We're just undergoing our first round of ICSI (low count and morphology) I only produced 7 eggs, only 3 mature and 1 borderline but all 4 fertilised and on Tuesday I was over the moon.

On Thursday we had one 8 cell, 2 six cell and one 5 cell embies, all top grade. So they took us to blast.

This morning went for et and only one had grown since weds 
That one was still only a morula.

Now I feel totally diheartened. Why won't my embryos grow? Can't believe my little morula has any real chance of going further.

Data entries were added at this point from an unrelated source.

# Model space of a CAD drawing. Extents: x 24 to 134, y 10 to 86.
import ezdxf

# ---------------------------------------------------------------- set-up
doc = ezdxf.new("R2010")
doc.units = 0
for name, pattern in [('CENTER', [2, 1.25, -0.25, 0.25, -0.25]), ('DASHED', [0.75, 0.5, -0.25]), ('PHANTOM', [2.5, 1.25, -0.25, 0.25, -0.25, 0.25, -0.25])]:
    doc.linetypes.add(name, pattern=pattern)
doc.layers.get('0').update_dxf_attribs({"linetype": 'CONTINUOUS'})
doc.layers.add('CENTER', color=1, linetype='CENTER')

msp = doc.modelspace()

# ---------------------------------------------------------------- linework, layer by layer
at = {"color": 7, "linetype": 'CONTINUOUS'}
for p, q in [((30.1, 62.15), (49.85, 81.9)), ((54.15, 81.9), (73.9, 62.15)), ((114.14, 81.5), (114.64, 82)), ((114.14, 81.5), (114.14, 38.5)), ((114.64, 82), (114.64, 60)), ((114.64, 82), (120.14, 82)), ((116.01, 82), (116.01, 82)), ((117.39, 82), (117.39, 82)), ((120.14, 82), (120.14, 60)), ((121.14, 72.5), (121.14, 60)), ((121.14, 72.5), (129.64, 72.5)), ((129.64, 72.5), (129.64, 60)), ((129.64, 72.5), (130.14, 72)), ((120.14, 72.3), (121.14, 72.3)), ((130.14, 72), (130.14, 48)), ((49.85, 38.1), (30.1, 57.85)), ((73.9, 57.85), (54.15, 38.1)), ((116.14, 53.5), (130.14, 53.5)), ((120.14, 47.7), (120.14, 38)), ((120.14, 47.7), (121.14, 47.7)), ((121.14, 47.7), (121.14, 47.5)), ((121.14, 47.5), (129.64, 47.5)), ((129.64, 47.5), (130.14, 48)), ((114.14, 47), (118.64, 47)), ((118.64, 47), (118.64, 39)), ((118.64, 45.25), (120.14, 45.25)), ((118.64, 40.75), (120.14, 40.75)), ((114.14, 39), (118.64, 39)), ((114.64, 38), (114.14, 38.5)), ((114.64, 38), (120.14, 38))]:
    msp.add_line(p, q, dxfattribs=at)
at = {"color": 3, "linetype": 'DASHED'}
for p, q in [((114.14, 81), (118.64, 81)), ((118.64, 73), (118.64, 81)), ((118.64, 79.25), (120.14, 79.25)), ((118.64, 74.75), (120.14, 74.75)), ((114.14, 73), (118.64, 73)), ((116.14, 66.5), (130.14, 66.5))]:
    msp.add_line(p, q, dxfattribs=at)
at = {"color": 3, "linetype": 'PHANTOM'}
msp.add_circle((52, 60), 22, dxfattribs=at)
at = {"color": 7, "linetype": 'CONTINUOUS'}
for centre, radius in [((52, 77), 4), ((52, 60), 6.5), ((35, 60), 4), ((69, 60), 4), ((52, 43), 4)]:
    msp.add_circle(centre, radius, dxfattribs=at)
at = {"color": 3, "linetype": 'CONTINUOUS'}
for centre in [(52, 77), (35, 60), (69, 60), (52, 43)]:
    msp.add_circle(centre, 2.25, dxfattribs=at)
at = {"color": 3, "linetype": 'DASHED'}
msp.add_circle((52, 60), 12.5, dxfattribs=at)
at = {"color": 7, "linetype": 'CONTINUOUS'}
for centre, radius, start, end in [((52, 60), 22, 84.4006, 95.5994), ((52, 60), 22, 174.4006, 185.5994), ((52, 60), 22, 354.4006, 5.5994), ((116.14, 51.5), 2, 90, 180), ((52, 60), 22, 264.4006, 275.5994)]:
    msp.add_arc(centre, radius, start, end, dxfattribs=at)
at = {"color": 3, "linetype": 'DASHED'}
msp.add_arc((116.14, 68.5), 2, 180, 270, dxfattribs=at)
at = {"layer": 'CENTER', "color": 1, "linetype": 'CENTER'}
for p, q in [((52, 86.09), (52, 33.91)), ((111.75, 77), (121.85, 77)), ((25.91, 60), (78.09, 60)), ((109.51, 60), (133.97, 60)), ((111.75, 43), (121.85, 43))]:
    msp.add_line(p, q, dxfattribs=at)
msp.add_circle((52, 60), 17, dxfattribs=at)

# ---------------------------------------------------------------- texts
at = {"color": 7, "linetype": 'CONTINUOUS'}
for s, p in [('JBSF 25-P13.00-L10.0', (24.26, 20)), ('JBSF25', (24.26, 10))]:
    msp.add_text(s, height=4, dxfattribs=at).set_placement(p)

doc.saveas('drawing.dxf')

Need some help not to give up hope.

X


----------



## magsandemma

Hi mrs blue


I dont have any experience of this as I havent made it past day3 embryos, but you may just have a slower developing embryo, they all develop at different rates and this is still what would be expected at day 4 and some places state on day 5 also so do not give up hope!!!  You still have every chance, so rest up and take it easy and lots of PMA to you!!!


Maggie
xx


----------



## jo_11

Mrs Blue:  Although I didn't have success with my morulas, when I ended up with these on day 5 for transfer I Googled and posted on FF a lot to try and find success stories.  There are many.  I also spoke with the embryologists in the lab at my clinic and they were fabulous.  They said it's perfectly normal for embies to be at morula stage on day 5, and often they go to blast on day 6.  For me, and I suspect for you as well, there was no point going to day 6 given that the best of the best was there for transfer, and they're better off inside you.  Unfortunately embies don't necessarily read the text books that say they 'should' be blasts on day 5   There's a school of thought that says morulas end up being girls... wishing you all the very best on your 2ww; enjoy being PUPO!  xxx


----------



## karenanna

Hi MrsBlue

It's not exactly the same but we had enough embryos to go to blastocyst and did, but by day 5 the best ones were at morula stage or less. Because I had a few they decided to go to day 6 and although they were slower developers we ended up with 2 good ones. 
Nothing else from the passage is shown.